The feedback from my podcast listeners was that episode #4 “Tips for Reducing Sodium Intake” was a little long but the tips offered were valuable. So, I decided to blog the “condensed” version of the podcast.
If you live in the United States, the odds are that you are getting more sodium in your daily diet than recommended by the Dietary Guidelines which is less than 2300 mg (about 1 tsp). The American Heart Association recommends less than 1500 mg because their guidelines are directed toward people with hypertension, heart disease or may have a higher risk of stroke. The CDC (Center for Disease Control) suggests that about 90% of Americans 2 years old or older exceed the Dietary Guidelines and consume too much sodium. The following tips will help you become aware of where sodium lurks and how to lower your intake.
Tip 1: Take the salt shaker off the table. This tip seems obvious but is often the hardest for people to accomplish. The habit of salting food is just that, a habit. I’ve seen people salt their food even before they have tasted it. Try replacing the salt shaker with pepper or another seasoning (Mrs. Dash has salt-free seasonings) that may be a suitable substitute.
Tip 2: Don’t salt while cooking. Try using other seasonings, fresh and dried. Initially, the foods may taste bland but try to focus on the actual flavor of the food and new seasonings. For example, fresh lemon squeezed over some fresh spinach tastes delicious, no salt needed.
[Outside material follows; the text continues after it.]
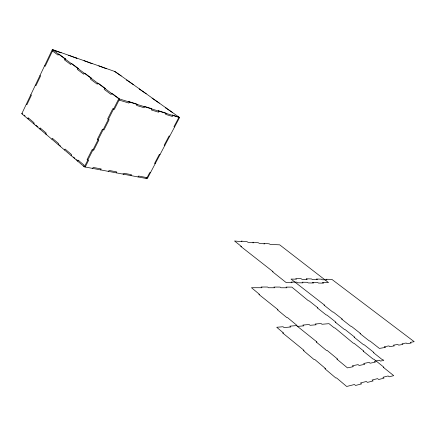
<?xml version="1.0" encoding="UTF-8"?>
<svg xmlns="http://www.w3.org/2000/svg" width="436" height="436" viewBox="0 0 436 436"><rect width="100%" height="100%" fill="white"/><g stroke="black" fill="none" stroke-linecap="round" stroke-linejoin="round"><path stroke-width="0.65" d="M21.8 113.703L52.331 49.519L115.164 71.618L179.561 117.567L147.281 178.678L84.393 166.857L21.8 113.703L22.65 113.91M51.922 139.28L52.396 138.31L58.702 143.651L58.217 144.627M64.615 150.055L65.1 149.074L71.597 154.584L71.106 155.57M77.701 161.167L78.197 160.175L84.224 165.282L83.717 166.285L84.557 166.438M84.393 166.857L118.788 98.754L52.331 49.519M85.227 167.01L88.595 160.35L87.086 159.614L92.165 149.553L93.675 150.295L98.792 140.174L97.277 139.427L102.422 129.23L103.942 129.988L109.125 119.731L107.605 118.963L112.82 108.629L114.346 109.403L119.6 99.005L112.483 93.735L111.671 93.478L111.147 94.519L104.15 89.32L104.662 88.29L105.474 88.546L98.58 83.445L97.762 83.178L97.255 84.203L90.47 79.167L90.971 78.148L91.789 78.415L85.102 73.466L84.284 73.194L83.788 74.207L77.205 69.319L77.695 68.316L78.518 68.588L72.038 63.792L71.21 63.509L70.725 64.512L64.343 59.77L64.822 58.778L65.651 59.062L59.356 54.402L58.528 54.113L58.059 55.105L52.478 50.963M92.645 168.405L93.146 167.419L101.185 168.945L100.689 169.92M108.537 171.392L109.027 170.432L116.674 171.882L116.183 172.83M130.942 175.604L131.421 174.678L124.14 173.299L123.65 174.237L122.99 173.692M138.054 176.94L138.534 176.03L147.074 177.648M297.439 326.401L303.843 325.845L302.878 325.049L309.108 324.52L310.067 325.305L316.111 324.782L315.163 324.008L321.043 323.507L321.981 324.27L329 323.659L334.303 327.916L334.859 327.861L353.427 343.279L353.961 343.203L363.766 351.073L363.237 351.16L373.221 359.177L373.739 359.073L383.887 367.221L383.38 367.335L393.713 375.641L389.185 376.808L388.133 375.957L382.939 377.276L384.002 378.137L378.661 379.511L377.587 378.633L372.072 380.034L373.156 380.928L367.477 382.388L366.376 381.478L360.501 382.972L361.613 383.893L355.558 385.451L354.435 384.508L346.675 386.481L336.543 377.903L335.889 378.05L324.836 368.687L325.501 368.556L314.672 359.389L313.996 359.504L303.369 350.506L304.055 350.402L282.719 333.011L283.427 332.946L276.724 327.273L283.035 326.733L284.027 327.567L290.834 326.978L289.853 326.155L297.112 325.539L287.471 317.55L286.812 317.593L277.334 309.734L278.005 309.702L258.875 294.425L259.556 294.414L251.468 287.711L261.992 287.727L261.115 287.008L267.6 287.03L268.478 287.744L274.778 287.755L273.912 287.052L280.054 287.073L280.915 287.765L286.888 287.776L286.038 287.095L291.858 287.111L308.508 300.845L309.07 300.829L317.882 307.849L317.326 307.876L326.292 315.026L326.837 314.988L335.943 322.242L335.404 322.291L344.669 329.676L345.198 329.621L354.61 337.121L354.087 337.186L363.668 344.827L364.18 344.745L373.914 352.501L373.407 352.593L382.318 359.7L382.813 359.596L383.811 360.392L380.486 361.079L379.483 360.272L374.366 361.313L375.38 362.131L370.126 363.21L369.101 362.381L363.678 363.482L364.714 364.327L359.133 365.477L358.087 364.621L352.326 365.793L353.383 366.66L347.454 367.88L336.87 359.106L337.486 358.997L327.109 350.402L326.488 350.495L316.296 342.042L316.928 341.96L296.464 325.594M150.453 172.678L149.771 172.542L146.6 178.547L145.946 178.024M155.232 163.631L154.557 163.484L159.363 154.371L160.039 154.529M46.559 134.201L45.715 134.01L46.189 133.045L40.068 127.862L39.605 128.822L40.45 129.018M34.428 123.906L33.583 123.71L34.041 122.756L28.1 117.72L27.648 118.668L28.498 118.875M164.873 145.373L164.203 145.204L169.075 135.983L169.74 136.163M174.634 126.892L173.975 126.702L178.907 117.36L178.215 116.87M119.072 100.051L128.876 103.065L129.399 102.04L128.685 101.512L136.403 103.91L137.111 104.427L136.593 105.436L144.12 107.752L144.638 106.755L143.929 106.242L151.265 108.515L151.968 109.027L151.461 110.008L158.617 112.21L159.124 111.24L158.421 110.733L165.407 112.897L166.105 113.398L165.598 114.357L172.416 116.456L172.912 115.507L172.22 115.011L178.874 117.071M118.788 98.754L179.561 117.567M172.71 112.673L165.288 107.643L165.953 107.856M159.287 103.103L152.05 98.193L152.72 98.416M146.245 93.794L139.182 89.009L139.858 89.238M133.558 84.742L126.658 80.071L127.339 80.306M121.208 75.935L114.477 71.379M105.899 68.359L106.504 68.795L98.77 65.852M91.478 63.291L92.083 63.727L84.012 60.664M76.371 57.977L76.981 58.424L68.55 55.225M60.539 52.407L61.149 52.86L52.947 49.977L45.186 66.283L44.576 65.82M39.965 75.515L40.564 75.989L35.975 85.63L35.381 85.151M30.825 94.726L31.414 95.212L26.885 104.733L26.296 104.248M24.111 115.153L25.086 115.981M35.937 125.187L37.943 126.887M59.062 144.806L60.533 146.06M73.466 157.031L74.987 158.323M76.507 159.609L78.028 160.9M385.233 347.432L379.385 348.424L369.864 340.908L369.374 340.979L360.005 333.573L360.507 333.513L351.291 326.242L350.784 326.292L341.715 319.125L342.227 319.081L333.311 312.04L332.788 312.072L324.002 305.129L324.531 305.107L291.025 279.073L296.535 279.193L295.722 278.555L301.107 278.68L301.914 279.312L307.162 279.427L306.355 278.8L311.484 278.92L312.28 279.536L317.277 279.645L316.487 279.035L321.376 279.149L322.155 279.748L326.924 279.852L326.144 279.258L331.883 279.389L414.2 341.693L410.243 342.353L411.143 343.039L407.099 343.726L406.194 343.028L402.036 343.726L402.946 344.429L398.689 345.149L397.768 344.435L393.392 345.165L394.324 345.89L389.839 346.653L388.901 345.917L384.29 346.685L385.233 347.432M291.962 282.713L286.245 282.637L272.462 271.65L273.05 271.672L240.786 246.411L241.397 246.46L234.535 240.994L241.991 241.708L241.239 241.113L247.13 241.686L247.871 242.274L253.616 242.819L252.88 242.242L258.494 242.787L259.224 243.359L264.707 243.882L263.976 243.315L269.334 243.833L270.058 244.394L279.689 244.836L328.531 282.61L322.607 282.523L323.403 283.133L318.476 283.068L317.68 282.452L312.628 282.375L313.435 283.002L308.263 282.931L307.451 282.299L302.148 282.217L302.966 282.86L297.532 282.79L296.709 282.136L291.128 282.054L291.962 282.713"/></g></svg>

Letting your taste buds recover from being inundated by salt may take some time. For example, once I stopped using salt I have found that I cannot eat soup in a restaurant because it frequently is much too salty. Which leads me to tip 3.
Tip 3: Avoid eating out at restaurants or packaged foods. Both use large amounts of salt because as stated above, 90% of the people eat too much salt. You may be able to find low sodium options on the menu by asking your server for suggestions. Often people avoid obviously salty foods (e.g., french fries) and opt for foods that appear lower sodium but will have sodium lurking (e.g., marinara sauce, bread). Your best bet is dishes with fresh produce (salads, steamed veggies) and request dressings/sauces on the side and for plain, no-salt-added veggies, so you can control your intake.
Tip 4: Read labels. As discussed in VegHead Speaks “Getting Started” blog and podcast, reading Nutrition Facts labels is crucial to know what you are eating. Two tips offered by Dr. Greger in his book “How Not to Die” is to keep sodium milligrams (mg) less than grams per serving size. Or to keep sodium milligrams per serving less than calories per serving. The point is: read food labels.
Tip 5: Buy low sodium canned foods. Additionally, rinse your canned foods when possible. While you may lose a few nutrients with rinsing, you have to choose which you prefer. If lessening your sodium is the goal, rinse and certainly rinse if the food isn’t labeled low sodium. If you are eating a varied diet, rich in veggies, fruits, and whole grains, you are likely getting all of your nutrients and the few you lose with rinsing won’t be missed.
Tip 6: Eat food without labels. Foods without labels would be fruits and vegetables. However, I would include in this whole grains, while technically bagged brown rice, quinoa, dried beans/peas, have labels, you will find they don’t include sodium or other added ingredients normally. Even many frozen vegetables won’t include added ingredients, but you have to check the label to be certain.
I hope these tips help you become more aware of where salt is lurking in our foods. With a little effort, you should be able to reduce your sodium intake and regain control of your taste buds so that you can enjoy all the new flavors of your plant-based diet.